In Appeal No. CA/A/132/2020, the Plaintiff appealed against the Judgment of the Federal High Court to the Court of Appeal, Abuja Division. In the appeal, the Plaintiff contends that the import of Section 3 of the Act is that the AGF will promulgate the Order only if he is satisfied that there are Countries with reciprocal treatment of Judgments with Nigeria.
Since Section 3 and 5 of the 1958 Ordinance provides that the Judgments of England, Scotland, Ireland and other Commonwealth Countries are recognised in Nigeria by Nigerian Courts, there is reciprocal treatment of Judgments between Nigeria and those Countries. The conditions upon which the AGF ought to be satisfied to promulgate the Order has long occurred.
Again, the Plaintiff contends that the standard of the AGF’s satisfaction envisaged under Section 3 of the Act is an objective legal standard of satisfaction of a public officer occupying a very sensitive and exalted constitutional office of the AGF. The AGF knows or ought to know that England, Scotland, Ireland and Commonwealth Countries have substantial treatment of Judgments with Nigeria. It is the AGF’s knowledge that these Countries have reciprocal treatment of Judgments with Nigeria that should form the basis of his satisfaction.
Furthermore, the Plaintiff contends that by the provisions of Section 10 (3) of the Interpretation Act, where an Act confers powers to a public officer to enact a subsidiary legislation to bring an Act into operation, the officer ought to enact the subsidiary legislation before the commencement date of the Act. A look at the first page of the Act shows that its commencement date is 1st February 1961. Assuming but not conceding that the AGF has discretion on when to promulgate the Order, he ought to have exercised the discretion before 1st February 1961.
In addition, the Plaintiff contends that where there are choices of interpretation of a provision, the Court will follow the interpretation that will give effect to provisions of the legislation. The Court will construct a provision to give effect to the provision rather than destroy it. The Plaintiff’s interpretation of Section 3 of the Act gives effect to the provision of Part I of the Act. Unlike the interpretation of the AGF which has failed to achieve the manifest purpose of the legislation and makes it a futility and a complete nullity.
Besides, the historical circumstances of an Act will assist the Court in interpreting the provisions of an Act. The legislature after colonial rule deliberately sought to cure the hardship in the 1958 Ordinance.
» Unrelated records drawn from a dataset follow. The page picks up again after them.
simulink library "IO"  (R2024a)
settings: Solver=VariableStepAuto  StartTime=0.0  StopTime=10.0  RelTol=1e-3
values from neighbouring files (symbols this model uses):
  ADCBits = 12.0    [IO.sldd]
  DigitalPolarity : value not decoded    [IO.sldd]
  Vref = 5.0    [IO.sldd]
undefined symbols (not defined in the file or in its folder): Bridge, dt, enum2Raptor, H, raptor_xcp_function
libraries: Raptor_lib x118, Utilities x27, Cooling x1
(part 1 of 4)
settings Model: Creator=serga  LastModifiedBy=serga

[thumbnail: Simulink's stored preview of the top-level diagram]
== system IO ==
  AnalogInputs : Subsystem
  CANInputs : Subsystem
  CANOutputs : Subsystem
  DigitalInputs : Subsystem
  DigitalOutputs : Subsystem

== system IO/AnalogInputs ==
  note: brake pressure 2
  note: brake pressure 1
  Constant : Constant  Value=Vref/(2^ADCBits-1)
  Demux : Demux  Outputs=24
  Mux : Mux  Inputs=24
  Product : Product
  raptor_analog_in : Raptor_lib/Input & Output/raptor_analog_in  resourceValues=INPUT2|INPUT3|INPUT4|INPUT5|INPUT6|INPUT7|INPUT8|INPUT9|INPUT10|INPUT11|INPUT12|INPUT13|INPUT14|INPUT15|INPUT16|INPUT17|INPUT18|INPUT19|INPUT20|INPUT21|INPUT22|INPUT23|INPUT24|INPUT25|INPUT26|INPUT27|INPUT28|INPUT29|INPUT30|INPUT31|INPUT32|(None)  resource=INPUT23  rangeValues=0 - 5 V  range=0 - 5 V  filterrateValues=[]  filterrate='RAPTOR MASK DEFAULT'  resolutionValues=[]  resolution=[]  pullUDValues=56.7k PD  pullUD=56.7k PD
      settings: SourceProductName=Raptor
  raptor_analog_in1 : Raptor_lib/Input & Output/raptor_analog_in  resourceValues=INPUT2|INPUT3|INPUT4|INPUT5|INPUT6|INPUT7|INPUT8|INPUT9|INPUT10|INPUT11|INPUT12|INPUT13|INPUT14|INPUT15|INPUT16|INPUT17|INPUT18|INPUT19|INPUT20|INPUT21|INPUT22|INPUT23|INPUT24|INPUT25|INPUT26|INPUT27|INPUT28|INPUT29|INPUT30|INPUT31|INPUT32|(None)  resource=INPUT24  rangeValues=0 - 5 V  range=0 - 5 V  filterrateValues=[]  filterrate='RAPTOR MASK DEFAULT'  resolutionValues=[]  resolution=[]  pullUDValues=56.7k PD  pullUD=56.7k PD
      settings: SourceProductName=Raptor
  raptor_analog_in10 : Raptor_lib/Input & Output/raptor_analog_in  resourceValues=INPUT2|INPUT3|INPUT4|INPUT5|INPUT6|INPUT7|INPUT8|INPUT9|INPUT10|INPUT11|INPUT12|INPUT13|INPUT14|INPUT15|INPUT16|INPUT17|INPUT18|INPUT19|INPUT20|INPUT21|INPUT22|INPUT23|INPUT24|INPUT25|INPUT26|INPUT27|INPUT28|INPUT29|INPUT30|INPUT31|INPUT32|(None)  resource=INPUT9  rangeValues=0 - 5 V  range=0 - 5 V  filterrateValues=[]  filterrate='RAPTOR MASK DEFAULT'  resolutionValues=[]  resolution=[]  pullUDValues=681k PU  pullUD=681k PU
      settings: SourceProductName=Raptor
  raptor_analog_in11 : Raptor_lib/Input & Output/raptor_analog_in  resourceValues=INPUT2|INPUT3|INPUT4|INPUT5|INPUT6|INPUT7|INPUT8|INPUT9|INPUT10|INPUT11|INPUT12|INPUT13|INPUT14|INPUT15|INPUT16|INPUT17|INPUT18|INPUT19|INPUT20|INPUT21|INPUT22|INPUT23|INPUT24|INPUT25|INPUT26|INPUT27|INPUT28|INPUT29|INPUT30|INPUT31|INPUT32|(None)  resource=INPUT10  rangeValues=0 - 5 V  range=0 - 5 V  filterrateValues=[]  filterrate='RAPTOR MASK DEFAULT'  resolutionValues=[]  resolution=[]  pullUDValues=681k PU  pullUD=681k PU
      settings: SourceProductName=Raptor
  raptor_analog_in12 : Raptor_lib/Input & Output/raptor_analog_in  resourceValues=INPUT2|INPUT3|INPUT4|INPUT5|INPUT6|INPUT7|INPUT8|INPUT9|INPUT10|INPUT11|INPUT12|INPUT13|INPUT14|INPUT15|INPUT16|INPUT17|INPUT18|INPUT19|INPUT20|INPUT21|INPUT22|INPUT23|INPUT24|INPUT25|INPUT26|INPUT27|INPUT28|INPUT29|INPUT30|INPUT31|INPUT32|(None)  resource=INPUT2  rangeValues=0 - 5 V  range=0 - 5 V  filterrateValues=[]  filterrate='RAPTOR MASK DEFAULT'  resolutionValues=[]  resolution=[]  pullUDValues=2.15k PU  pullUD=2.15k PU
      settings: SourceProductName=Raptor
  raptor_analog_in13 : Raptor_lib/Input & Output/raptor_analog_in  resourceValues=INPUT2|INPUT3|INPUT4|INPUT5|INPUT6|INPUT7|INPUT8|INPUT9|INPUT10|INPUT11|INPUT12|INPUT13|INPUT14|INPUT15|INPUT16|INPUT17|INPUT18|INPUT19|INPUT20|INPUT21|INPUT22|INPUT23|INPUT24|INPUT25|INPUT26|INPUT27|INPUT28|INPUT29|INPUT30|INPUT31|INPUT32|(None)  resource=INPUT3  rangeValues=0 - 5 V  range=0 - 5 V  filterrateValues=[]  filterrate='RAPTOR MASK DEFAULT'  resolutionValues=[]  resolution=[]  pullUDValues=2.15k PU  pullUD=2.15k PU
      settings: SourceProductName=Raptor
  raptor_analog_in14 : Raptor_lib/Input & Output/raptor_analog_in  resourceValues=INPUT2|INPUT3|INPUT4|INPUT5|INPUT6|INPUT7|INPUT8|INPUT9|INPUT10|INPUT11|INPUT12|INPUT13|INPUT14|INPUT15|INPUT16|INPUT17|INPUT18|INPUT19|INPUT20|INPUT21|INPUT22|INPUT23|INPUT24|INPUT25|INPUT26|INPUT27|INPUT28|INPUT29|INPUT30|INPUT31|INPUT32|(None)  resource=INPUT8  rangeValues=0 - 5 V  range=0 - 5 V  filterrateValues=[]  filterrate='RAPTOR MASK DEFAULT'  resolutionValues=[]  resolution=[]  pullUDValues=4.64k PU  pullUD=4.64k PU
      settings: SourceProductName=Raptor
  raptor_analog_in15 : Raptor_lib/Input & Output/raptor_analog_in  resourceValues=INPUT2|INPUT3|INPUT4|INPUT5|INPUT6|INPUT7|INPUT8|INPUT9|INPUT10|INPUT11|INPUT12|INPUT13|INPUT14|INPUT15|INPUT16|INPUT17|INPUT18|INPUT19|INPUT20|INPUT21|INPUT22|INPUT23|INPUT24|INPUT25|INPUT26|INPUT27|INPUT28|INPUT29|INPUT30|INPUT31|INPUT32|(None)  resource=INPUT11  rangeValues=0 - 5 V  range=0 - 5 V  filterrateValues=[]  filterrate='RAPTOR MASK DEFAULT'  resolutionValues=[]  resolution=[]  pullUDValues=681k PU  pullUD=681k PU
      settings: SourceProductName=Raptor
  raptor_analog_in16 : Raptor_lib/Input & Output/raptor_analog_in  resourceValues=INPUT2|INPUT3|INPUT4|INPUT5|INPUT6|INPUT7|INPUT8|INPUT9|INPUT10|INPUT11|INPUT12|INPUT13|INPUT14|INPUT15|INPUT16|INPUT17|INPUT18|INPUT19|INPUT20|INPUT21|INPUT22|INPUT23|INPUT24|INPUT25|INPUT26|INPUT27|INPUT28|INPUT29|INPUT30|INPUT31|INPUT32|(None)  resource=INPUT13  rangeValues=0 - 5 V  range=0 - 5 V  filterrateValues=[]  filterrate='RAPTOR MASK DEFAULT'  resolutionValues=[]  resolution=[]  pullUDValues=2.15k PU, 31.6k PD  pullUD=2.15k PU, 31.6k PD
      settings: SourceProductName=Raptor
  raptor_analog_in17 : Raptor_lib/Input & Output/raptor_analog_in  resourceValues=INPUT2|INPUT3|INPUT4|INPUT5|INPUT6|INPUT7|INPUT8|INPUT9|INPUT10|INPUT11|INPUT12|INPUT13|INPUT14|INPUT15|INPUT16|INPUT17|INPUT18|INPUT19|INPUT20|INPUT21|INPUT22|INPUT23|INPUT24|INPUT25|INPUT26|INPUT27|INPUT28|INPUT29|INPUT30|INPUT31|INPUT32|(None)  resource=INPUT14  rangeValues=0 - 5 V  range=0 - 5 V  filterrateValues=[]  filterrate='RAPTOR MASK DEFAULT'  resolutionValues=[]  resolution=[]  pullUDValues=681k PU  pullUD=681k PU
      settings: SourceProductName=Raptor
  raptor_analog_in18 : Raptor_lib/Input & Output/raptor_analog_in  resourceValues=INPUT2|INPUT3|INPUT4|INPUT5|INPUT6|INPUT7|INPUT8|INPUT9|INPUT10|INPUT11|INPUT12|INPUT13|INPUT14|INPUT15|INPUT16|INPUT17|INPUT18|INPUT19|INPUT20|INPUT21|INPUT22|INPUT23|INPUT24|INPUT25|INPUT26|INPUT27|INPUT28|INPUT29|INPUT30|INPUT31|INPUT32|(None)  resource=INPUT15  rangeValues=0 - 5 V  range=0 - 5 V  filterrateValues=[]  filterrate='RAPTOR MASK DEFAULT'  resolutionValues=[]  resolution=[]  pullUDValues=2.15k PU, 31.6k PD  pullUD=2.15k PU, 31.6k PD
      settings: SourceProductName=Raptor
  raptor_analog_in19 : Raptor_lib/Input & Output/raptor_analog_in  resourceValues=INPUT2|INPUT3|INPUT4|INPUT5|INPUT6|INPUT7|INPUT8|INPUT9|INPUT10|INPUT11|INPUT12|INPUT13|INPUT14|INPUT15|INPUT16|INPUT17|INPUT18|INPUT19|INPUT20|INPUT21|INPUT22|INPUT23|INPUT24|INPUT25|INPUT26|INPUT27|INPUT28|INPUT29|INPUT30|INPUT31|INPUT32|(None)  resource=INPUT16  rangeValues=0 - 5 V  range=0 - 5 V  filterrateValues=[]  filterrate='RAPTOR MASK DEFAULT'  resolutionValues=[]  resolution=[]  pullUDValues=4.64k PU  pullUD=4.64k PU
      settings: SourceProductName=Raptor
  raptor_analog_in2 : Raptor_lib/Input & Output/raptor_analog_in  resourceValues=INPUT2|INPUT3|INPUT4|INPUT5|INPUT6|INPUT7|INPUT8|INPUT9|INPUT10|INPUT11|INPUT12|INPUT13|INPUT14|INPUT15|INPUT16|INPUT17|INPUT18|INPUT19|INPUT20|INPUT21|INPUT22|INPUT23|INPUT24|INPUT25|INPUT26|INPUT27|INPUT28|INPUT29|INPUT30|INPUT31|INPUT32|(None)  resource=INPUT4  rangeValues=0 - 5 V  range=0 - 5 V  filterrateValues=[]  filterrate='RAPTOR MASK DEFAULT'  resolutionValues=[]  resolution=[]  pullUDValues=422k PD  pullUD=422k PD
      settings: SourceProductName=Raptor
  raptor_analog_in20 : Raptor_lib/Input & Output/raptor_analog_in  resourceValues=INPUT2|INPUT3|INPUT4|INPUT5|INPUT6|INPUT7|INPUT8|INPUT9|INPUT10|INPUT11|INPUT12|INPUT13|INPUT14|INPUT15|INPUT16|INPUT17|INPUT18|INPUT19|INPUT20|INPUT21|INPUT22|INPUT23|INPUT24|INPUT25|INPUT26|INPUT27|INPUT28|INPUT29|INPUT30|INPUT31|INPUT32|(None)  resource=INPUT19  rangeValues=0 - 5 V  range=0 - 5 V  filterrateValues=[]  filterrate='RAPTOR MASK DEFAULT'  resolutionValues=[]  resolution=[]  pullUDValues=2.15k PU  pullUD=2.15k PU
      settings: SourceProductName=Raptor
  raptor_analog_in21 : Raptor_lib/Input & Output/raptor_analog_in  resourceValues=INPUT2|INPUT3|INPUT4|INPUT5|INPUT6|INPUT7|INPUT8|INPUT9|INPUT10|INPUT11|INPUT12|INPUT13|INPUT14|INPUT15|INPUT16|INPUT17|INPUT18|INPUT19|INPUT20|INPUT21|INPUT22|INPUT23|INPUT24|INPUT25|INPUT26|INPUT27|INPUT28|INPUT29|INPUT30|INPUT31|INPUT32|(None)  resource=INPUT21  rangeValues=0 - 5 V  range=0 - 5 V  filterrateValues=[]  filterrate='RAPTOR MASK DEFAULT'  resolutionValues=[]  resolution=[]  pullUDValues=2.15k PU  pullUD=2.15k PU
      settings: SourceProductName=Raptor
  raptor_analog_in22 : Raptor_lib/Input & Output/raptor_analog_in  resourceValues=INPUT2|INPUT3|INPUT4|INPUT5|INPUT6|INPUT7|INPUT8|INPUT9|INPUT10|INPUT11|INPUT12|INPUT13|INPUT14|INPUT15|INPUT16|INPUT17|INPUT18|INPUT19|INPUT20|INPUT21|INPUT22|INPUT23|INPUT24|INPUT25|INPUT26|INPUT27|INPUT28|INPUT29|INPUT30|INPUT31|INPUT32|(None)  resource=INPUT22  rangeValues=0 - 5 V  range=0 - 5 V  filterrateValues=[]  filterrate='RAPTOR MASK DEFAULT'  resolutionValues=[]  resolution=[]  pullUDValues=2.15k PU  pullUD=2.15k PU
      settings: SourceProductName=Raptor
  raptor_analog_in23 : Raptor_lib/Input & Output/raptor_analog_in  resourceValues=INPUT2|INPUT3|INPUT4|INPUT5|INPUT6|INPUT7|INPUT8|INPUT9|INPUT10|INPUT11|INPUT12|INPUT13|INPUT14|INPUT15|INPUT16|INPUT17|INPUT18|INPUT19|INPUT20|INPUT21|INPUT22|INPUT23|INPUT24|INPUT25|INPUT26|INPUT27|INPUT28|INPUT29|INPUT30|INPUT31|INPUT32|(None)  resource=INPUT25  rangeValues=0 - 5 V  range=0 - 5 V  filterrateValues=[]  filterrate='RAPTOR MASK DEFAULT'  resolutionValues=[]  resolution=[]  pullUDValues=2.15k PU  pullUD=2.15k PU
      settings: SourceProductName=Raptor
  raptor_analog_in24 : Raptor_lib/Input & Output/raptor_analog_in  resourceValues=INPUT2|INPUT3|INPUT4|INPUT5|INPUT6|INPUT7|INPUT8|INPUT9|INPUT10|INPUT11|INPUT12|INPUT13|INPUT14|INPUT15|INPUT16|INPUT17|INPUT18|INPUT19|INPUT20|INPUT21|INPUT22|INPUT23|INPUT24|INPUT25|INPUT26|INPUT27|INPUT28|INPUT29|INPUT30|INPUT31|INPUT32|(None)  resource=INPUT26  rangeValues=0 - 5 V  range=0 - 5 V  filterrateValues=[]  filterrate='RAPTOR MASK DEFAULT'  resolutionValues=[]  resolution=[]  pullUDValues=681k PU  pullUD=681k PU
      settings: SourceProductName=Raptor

This is why the Act was enacted with its commencement date on 1st February 1961, soon after Nigeria’s political independence. The historical background of the Act shed light on the true intention of the legislation that the AGF was to promulgate the Order before the commencement date.
Lastly, the Plaintiff contends that notwithstanding the use of the word “may” in Section 3 of the Act, since the legislature provided the conditions upon which the AGF would exercise his power to promulgate the Order, the AGF is under compulsion to exercise that power because the conditions for the exercise of the power has been fulfilled. The intention of the legislature was for the AGF to perform the obligatory duty in order to bring the Act into operation.
Section 3 of the Act impose a mandatory duty on the AGF because the provision confers a legal right on private persons to register and enforce their foreign judgments in Nigeria and the right to livelihood to the Plaintiff who is in the business of registering foreign Judgments in Nigeria.